Выбрать главу

Молодая чета поселилась в Хьюстоне, где Алисия очень быстро стала душой общества. Роль очарователь­ной юной жены — а потом и молодой матери с милой крошкой дочуркой — подходила ей как нельзя лучше.

В Техасе до сих пор держатся за старые традиции: бо­гатым мужьям положено баловать своих жен и покрови­тельствовать им, а женам — с благодарностью принимать это покровительство и... не обременять себя карьерой или какой-то серьезной работой.

Алисия с удовольствием участвовала во всех светских и благотворительных мероприятиях, занималась шейпин­гом и аэробикой, писала в местную газету небольшие ста­тейки о том, как ухаживать за волосами или улучшить цвет лица, и со вкусом и фантазией устраивала чаепития, ужи­ны и приемы — от небольших, для узкого круга друзей, до весьма помпезных и торжественных — например, по по­воду выхода в свет очередного бестселлера мужа или по­лучения им очередной литературной премии.

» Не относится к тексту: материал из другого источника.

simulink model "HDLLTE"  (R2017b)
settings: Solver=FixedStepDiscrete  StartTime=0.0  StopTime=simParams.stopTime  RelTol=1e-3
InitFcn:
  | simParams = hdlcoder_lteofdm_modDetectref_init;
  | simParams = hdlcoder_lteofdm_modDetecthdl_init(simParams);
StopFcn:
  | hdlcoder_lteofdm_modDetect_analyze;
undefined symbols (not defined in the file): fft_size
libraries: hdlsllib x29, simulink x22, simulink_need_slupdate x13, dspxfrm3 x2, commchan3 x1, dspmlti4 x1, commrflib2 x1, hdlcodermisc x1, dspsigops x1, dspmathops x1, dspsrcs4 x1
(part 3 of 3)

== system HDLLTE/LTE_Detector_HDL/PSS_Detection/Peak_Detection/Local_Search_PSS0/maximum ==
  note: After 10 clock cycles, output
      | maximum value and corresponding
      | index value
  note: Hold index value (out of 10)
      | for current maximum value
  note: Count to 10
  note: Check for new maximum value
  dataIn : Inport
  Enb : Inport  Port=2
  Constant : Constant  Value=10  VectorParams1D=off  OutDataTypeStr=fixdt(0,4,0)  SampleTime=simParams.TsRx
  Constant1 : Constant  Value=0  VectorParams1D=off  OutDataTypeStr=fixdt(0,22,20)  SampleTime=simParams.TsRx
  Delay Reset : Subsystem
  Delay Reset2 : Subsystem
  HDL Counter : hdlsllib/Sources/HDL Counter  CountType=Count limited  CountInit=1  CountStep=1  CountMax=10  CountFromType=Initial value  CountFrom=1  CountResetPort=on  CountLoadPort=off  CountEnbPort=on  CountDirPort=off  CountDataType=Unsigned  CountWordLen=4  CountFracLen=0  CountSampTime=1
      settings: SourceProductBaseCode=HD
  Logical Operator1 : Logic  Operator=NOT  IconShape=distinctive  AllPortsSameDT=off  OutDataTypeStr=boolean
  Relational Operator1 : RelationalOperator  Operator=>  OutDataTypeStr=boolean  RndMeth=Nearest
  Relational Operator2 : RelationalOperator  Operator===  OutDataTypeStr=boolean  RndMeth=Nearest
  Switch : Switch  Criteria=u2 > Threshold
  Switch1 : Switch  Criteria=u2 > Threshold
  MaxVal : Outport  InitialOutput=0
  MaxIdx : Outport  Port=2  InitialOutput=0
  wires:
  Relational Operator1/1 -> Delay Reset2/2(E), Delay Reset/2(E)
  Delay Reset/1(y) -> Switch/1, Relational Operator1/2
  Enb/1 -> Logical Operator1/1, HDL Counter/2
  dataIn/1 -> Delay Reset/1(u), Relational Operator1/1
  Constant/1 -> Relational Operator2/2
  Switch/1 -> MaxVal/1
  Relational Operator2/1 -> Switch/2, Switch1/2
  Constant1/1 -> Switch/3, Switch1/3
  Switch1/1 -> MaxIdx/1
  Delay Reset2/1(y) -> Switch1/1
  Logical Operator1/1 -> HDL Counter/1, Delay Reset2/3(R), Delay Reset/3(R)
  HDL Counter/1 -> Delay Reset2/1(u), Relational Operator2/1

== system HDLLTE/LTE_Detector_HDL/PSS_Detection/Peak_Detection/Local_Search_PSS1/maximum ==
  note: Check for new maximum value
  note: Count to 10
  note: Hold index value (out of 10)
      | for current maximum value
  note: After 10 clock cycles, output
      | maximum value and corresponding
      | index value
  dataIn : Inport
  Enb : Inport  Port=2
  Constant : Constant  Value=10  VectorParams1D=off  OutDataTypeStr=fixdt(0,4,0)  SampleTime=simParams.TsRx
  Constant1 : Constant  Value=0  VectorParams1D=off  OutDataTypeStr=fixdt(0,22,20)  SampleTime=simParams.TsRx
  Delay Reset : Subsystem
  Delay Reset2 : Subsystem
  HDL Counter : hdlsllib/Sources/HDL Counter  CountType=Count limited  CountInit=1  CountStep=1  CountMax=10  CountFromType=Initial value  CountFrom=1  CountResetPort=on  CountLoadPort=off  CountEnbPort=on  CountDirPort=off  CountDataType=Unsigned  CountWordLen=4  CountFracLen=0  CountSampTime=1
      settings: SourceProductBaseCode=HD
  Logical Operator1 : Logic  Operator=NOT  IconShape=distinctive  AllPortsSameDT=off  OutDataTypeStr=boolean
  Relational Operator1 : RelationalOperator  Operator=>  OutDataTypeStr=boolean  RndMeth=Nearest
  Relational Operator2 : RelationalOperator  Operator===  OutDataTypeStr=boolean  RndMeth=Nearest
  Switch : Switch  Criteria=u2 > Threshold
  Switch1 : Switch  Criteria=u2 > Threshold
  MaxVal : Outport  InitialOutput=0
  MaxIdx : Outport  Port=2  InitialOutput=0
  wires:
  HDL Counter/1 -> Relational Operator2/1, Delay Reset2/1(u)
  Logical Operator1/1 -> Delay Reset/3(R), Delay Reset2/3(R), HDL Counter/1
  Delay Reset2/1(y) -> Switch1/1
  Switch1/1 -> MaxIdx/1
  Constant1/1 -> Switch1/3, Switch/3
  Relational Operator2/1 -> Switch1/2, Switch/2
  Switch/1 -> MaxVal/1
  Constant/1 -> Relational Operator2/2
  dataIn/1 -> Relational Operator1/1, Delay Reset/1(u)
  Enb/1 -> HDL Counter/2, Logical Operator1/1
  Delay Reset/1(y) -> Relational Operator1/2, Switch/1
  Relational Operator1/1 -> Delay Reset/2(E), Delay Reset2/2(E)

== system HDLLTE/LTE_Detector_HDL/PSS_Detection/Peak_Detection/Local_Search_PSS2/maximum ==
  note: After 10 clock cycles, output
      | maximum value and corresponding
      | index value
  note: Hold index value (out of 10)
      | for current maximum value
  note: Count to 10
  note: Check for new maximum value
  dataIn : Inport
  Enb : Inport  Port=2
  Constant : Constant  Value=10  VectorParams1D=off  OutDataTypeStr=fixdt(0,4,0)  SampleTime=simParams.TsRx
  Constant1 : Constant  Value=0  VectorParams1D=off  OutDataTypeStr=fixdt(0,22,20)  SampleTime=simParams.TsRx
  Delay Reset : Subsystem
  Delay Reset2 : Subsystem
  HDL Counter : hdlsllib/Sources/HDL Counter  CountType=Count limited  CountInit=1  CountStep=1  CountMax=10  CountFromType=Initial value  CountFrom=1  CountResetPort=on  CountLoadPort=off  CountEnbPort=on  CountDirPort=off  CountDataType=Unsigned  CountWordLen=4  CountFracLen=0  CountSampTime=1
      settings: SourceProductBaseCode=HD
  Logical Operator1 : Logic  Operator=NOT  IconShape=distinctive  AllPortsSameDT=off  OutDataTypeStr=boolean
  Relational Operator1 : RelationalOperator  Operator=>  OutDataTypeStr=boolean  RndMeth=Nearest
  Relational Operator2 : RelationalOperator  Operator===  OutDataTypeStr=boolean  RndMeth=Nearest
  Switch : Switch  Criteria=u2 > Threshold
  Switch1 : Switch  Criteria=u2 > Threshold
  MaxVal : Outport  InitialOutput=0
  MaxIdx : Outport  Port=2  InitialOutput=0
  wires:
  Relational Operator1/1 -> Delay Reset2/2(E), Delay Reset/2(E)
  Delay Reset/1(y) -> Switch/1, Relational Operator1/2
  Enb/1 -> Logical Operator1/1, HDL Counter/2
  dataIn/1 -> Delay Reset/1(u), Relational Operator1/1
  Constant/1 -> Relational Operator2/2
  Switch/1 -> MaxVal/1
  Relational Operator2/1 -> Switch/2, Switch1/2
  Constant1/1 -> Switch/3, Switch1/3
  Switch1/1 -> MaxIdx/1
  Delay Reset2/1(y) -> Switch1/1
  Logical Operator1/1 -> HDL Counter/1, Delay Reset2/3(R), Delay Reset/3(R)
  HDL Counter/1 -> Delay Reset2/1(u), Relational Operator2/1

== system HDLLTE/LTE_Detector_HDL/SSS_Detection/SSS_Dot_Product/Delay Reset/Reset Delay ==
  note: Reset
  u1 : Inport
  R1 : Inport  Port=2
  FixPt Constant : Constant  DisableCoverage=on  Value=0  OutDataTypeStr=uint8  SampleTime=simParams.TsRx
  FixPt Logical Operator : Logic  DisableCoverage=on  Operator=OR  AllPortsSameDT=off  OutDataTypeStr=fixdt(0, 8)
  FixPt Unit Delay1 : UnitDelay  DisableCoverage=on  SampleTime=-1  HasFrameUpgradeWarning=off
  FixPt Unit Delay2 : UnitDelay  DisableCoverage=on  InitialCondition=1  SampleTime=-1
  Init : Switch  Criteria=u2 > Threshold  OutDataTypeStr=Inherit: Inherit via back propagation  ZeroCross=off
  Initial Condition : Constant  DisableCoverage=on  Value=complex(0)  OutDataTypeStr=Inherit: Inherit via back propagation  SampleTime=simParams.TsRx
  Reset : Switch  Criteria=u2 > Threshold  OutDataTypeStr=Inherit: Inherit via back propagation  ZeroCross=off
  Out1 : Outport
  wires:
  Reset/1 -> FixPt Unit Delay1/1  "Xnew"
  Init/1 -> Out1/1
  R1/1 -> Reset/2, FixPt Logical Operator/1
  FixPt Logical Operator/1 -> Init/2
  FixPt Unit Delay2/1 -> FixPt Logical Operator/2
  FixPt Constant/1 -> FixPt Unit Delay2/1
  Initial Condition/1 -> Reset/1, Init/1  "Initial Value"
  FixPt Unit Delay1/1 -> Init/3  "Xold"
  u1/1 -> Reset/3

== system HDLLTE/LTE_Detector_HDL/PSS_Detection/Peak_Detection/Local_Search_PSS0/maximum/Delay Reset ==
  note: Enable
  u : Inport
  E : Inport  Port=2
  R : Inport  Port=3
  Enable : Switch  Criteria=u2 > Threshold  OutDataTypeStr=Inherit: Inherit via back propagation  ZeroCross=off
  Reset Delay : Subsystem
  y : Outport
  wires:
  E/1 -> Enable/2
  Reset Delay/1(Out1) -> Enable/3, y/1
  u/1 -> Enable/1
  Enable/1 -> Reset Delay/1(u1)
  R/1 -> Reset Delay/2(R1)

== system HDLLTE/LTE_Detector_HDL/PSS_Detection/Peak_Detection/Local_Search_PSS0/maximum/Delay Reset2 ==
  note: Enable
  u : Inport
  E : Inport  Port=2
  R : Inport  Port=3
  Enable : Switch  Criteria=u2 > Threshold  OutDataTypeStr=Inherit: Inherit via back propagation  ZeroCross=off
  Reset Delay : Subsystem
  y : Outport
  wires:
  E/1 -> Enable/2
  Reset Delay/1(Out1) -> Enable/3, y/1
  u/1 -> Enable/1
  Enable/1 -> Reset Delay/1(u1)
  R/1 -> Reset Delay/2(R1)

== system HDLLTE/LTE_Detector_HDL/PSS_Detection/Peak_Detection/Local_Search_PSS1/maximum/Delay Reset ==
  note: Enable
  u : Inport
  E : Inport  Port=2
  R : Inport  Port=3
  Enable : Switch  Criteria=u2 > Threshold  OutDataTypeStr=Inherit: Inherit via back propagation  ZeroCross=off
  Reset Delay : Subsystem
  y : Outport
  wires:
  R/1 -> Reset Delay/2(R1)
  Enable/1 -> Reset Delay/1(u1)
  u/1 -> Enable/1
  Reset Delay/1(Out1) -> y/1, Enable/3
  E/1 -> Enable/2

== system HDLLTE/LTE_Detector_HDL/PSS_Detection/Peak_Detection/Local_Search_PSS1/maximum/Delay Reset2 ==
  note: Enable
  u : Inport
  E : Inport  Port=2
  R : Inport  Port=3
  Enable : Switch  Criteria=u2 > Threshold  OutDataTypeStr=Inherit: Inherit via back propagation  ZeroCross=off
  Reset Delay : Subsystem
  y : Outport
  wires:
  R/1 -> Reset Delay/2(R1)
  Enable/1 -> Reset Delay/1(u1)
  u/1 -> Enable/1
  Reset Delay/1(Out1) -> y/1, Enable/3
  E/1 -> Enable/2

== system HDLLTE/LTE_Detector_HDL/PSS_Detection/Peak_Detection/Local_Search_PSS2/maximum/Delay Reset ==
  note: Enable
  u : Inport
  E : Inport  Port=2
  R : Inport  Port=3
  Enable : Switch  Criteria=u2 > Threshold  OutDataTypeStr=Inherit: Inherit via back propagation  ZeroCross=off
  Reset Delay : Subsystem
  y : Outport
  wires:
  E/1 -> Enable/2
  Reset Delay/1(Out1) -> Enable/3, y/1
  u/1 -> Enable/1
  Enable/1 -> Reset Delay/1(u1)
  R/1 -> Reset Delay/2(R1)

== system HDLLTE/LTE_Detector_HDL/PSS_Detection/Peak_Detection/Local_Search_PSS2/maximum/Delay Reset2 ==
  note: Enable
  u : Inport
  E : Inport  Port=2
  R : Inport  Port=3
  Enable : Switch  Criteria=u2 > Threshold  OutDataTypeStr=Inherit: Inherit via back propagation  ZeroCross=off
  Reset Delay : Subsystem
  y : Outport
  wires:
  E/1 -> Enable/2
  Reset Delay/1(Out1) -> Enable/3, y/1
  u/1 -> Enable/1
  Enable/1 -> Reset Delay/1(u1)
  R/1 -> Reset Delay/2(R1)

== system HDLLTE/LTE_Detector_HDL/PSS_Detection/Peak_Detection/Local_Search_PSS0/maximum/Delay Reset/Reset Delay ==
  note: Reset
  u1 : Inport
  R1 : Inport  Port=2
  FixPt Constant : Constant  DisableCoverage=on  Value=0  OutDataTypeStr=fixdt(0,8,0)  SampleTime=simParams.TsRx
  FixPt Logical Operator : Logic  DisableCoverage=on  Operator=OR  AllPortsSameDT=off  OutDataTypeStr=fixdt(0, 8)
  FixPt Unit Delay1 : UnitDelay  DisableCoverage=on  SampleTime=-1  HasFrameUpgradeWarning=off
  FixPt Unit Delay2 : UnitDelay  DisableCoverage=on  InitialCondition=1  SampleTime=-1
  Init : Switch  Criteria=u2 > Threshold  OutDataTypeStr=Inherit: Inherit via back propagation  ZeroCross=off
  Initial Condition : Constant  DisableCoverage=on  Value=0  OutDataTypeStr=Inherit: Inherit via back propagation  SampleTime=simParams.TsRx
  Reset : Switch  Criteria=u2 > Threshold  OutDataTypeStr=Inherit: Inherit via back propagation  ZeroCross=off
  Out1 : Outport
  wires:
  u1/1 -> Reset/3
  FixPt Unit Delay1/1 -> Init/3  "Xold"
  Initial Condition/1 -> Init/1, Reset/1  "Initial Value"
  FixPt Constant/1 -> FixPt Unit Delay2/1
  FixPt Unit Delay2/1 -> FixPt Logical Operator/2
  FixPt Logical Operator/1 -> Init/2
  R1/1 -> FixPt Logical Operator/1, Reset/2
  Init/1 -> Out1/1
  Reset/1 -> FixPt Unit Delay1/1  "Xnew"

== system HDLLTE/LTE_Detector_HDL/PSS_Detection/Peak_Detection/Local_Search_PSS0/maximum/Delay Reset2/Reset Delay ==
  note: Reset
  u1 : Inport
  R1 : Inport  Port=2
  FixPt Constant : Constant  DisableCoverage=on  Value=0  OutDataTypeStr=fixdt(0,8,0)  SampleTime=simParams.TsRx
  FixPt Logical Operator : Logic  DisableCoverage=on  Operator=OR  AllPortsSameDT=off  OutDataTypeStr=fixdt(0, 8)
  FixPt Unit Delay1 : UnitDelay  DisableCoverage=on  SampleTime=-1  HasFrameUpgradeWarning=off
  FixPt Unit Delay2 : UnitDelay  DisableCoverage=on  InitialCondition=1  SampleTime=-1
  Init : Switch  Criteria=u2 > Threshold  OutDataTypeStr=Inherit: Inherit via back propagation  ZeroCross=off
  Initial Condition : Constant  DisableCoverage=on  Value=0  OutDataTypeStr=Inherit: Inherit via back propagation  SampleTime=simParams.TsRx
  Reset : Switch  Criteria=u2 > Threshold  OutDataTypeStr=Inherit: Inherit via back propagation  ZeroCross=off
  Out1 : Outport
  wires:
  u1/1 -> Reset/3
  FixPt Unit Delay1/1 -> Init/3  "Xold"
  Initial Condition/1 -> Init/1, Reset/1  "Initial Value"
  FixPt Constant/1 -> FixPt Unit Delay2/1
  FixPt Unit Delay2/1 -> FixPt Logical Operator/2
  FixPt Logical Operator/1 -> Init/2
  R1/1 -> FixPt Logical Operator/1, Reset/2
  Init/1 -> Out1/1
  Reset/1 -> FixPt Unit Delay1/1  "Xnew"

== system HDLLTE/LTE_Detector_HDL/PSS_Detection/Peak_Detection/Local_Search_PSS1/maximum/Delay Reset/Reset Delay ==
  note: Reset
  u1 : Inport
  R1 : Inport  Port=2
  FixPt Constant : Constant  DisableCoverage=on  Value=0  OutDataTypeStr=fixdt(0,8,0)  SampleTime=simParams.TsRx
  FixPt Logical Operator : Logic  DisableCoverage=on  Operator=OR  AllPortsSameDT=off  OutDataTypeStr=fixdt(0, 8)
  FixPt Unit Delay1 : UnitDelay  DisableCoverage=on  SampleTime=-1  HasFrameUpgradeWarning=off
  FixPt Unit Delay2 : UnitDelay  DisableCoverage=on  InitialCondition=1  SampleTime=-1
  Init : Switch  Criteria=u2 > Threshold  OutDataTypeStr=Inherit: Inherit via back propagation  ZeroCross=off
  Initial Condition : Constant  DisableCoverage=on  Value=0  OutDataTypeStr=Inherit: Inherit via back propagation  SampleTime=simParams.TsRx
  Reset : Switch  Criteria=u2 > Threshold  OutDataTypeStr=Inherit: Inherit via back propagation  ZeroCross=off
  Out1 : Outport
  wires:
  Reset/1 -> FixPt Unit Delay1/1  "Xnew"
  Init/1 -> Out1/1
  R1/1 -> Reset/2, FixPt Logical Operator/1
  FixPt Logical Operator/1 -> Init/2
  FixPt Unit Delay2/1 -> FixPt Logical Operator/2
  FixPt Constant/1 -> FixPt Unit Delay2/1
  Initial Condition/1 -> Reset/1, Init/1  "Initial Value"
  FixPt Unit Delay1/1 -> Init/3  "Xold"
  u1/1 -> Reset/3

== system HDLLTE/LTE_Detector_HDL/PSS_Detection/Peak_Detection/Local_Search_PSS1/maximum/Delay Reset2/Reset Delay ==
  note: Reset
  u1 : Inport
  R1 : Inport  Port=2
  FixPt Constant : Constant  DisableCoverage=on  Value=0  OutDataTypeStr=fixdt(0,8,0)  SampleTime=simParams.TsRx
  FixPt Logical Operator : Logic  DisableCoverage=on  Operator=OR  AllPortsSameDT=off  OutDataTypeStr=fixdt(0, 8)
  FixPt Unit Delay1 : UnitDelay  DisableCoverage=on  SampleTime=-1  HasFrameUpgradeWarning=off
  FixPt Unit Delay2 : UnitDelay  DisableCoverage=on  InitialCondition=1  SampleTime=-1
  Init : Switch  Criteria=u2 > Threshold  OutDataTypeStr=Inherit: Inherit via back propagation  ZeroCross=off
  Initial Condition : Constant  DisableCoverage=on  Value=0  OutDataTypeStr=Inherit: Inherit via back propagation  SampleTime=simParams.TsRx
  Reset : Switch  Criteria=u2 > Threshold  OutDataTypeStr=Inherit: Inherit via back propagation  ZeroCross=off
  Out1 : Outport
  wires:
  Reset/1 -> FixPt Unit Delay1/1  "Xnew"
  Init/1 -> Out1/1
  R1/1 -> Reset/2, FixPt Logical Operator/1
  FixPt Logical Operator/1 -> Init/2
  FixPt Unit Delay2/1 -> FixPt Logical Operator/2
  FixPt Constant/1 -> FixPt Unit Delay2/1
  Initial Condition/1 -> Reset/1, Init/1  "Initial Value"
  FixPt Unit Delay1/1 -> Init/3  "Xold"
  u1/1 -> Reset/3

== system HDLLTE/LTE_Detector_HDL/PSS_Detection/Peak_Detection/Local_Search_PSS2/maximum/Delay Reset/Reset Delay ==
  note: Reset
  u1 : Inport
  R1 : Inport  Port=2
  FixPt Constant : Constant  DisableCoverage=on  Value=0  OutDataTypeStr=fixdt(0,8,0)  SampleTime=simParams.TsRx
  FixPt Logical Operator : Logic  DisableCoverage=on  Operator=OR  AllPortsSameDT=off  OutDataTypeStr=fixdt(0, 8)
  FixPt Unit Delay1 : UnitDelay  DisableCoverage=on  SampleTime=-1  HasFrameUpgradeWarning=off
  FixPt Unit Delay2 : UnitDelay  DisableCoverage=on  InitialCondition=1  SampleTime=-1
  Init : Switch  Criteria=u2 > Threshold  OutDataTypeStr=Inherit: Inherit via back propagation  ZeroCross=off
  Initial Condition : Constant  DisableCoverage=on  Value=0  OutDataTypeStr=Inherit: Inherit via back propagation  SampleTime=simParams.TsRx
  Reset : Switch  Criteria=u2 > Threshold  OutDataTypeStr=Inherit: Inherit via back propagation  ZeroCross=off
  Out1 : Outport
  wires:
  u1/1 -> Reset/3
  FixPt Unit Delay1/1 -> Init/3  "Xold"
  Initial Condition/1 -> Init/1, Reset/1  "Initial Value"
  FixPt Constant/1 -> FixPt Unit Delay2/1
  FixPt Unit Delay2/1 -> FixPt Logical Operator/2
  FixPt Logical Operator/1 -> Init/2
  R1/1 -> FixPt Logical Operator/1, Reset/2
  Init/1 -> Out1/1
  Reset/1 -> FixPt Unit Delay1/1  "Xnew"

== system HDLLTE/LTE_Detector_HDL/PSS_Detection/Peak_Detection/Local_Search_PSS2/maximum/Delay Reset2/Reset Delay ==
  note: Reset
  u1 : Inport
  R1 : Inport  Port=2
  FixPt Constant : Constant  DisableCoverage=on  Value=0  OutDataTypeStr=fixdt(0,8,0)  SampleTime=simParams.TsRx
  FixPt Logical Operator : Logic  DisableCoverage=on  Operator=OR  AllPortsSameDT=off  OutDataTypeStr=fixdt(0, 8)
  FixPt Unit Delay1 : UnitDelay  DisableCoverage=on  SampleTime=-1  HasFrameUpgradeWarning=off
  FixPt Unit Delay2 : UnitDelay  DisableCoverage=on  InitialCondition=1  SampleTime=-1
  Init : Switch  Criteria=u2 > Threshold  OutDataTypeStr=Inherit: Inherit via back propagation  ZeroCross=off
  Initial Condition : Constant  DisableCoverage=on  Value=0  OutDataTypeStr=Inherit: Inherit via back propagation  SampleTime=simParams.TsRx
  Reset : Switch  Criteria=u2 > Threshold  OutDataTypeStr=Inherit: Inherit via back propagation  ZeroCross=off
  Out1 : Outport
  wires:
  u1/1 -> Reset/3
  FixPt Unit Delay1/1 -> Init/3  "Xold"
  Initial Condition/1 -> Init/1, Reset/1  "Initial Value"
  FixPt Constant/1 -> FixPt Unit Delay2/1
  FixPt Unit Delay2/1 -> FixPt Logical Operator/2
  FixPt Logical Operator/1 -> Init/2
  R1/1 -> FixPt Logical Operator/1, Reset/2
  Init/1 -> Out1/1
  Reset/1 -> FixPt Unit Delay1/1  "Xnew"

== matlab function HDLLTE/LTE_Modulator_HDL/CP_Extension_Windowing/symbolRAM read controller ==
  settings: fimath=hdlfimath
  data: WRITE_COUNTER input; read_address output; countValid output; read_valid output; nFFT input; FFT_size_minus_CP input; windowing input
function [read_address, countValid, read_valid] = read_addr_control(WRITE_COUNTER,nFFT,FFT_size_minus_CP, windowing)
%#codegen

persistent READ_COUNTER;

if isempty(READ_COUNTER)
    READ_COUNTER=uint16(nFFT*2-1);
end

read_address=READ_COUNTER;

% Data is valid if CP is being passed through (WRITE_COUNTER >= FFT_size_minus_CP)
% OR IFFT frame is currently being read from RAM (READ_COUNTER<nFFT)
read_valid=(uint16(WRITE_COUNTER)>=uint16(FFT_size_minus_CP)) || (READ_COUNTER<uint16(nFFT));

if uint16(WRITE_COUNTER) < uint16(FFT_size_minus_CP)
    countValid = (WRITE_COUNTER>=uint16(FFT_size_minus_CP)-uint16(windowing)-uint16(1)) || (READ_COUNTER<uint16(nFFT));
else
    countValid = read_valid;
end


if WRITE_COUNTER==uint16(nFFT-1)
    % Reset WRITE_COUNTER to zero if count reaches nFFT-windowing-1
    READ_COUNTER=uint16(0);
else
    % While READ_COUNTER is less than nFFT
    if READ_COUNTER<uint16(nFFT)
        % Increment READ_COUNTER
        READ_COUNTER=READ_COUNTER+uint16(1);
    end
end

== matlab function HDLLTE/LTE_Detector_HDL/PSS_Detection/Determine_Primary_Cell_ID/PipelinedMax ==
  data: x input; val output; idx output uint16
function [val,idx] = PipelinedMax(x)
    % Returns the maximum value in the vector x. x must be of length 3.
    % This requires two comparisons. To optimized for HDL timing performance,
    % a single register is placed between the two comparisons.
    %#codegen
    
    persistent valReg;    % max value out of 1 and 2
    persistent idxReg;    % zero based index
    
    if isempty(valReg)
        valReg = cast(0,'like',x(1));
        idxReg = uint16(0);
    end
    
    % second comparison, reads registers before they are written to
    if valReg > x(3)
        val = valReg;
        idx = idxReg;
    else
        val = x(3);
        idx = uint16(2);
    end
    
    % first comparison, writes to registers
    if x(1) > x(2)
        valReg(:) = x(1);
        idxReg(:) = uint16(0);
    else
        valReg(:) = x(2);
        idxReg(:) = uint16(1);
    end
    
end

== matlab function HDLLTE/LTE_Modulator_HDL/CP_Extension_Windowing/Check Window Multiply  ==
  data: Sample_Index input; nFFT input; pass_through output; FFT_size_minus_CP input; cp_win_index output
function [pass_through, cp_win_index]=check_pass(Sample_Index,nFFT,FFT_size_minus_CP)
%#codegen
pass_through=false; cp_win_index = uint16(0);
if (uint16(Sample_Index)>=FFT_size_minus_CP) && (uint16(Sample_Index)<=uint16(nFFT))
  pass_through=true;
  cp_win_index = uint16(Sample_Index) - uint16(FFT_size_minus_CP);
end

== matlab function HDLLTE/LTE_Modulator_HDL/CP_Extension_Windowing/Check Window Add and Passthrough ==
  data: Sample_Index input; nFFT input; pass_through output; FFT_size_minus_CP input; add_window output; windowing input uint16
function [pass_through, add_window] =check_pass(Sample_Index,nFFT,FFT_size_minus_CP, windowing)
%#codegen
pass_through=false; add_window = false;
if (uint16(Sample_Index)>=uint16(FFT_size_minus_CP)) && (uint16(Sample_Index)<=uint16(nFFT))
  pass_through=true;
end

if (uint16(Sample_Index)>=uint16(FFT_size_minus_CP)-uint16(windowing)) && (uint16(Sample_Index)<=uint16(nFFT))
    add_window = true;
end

Ее любили, ею восхищались, перед нею преклоня­лись — все, начиная от мужа, друзей, соседей, поклонни­ков и кончая мальчиками с бензозаправки, заправлявши­ми ее машину. Да и как можно было не любить такую ми­лую, очаровательную и обаятельную женщину?! Этому способствовал и ее легкий, веселый и незлобивый нрав, и искрометное чувство юмора, и искреннее внимание ко всем, кто окружал ее.

К сожалению, дочь не унаследовала очарования мате­ри — худенькая и высокая, она была скорее похожа на отца. Ни фиалковых глаз, ни золотистых волос, ни при­родной грации в каждом движении — обычная девочка, и только. Да и материнское чувство юмора ей было чуждо.

Стоило Алисии начать беззлобно и добродушно под­трунивать над еще совсем маленькой дочкой, как девоч­ка принималась кричать и плакать — даже колотила от зло­сти кулачками по полу. Став постарше, она, конечно, на­училась сдерживать себя, но недовольство явственно про­ступало у нее на лице.

Но мать не обижалась — на то она и мать! Лишь гово­рила:

— Опять наду-улась! У, ты, мой хомячок! Ну когда ты наконец повзросжешь и поймешь, что я тебя безумно люблю! — и смеялась своим обаятельным серебристым смехом...

С раннего детства Нэнси знала, что больше всех на свете папа любит маму. Но это было естественно — как же иначе?! Она и сама любила маму не меньше. А то, что мама иногда шутила так, что хотелось плакать, и называла ее при людях «моя маленькая глупышка»...

Нэнси попыталась поговорить с ней об этом — но ста­ло только хуже. Теперь говорилось так:

— Моя маленькая глупышечка... ах, простите, я забы­ла, что наша Нэнси серьезная девочка и не любит, когда ее так называют. Ну, может, хоть один, последний разо­чек... — И все окружающие смотрели на нее и смеялись, и Нэнси хотелось провалиться сквозь землю от ощущения собственной ущербности, от того, что она, наверное, не такая, как все, — раз не может посмеяться вместе с ними.

Когда ее детская восторженная любовь к матери по­степенно умерла? Может быть, лет в шестнадцать — когда Нэнси постепенно начала понимать, что ее мама, такая красивая и обаятельная, неосознанно и не желая нико­му зла, отбирает у дочери все, что той хоть немножко дорого?..

Когда Нэнси было двенадцать лет, отец подарил ей щенка — очаровательную двухмесячную колли. Нэнси на­звала ее Рози.

Она мечтала о собаке всю жизнь, но ей обычно гово­рили, что, может быть, потом... когда она станет старше. И вот теперь у нее была собака!

Они с Рози не расставались — ходили вместе гулять, играли, Нэнси даже выпросила, чтобы щенок ночевал в ее комнате — разумеется, на подстилке. Но ночью, когда все засыпали, она тихонько втаскивала пушистое теплое тельце под одеяло и шепотом разговаривала с собачкой — Рассказывала, что было сегодня в школе, и о своих мечтах. и о том, как «он» посмотрел на нее... Счастье длилось всего два месяца. Однажды, придя до­мой из школы, Нэнси увидела, что Рози нигде нет. Она бросилась к маме — та ответила, что собачка убежала: вы­скочила за дверь и понеслась неизвестно куда.

Нэнси бегала по улицам до вечера, кричала, звала, спрашивала прохожих, показывала фотографии — и на следующий день... и на следующий... Заходила в полицей­ский участок — может, кто-нибудь нашел? А может, Рози сломала лапку и сейчас умирает, одна, в каком-нибудь под­вале или колодце?!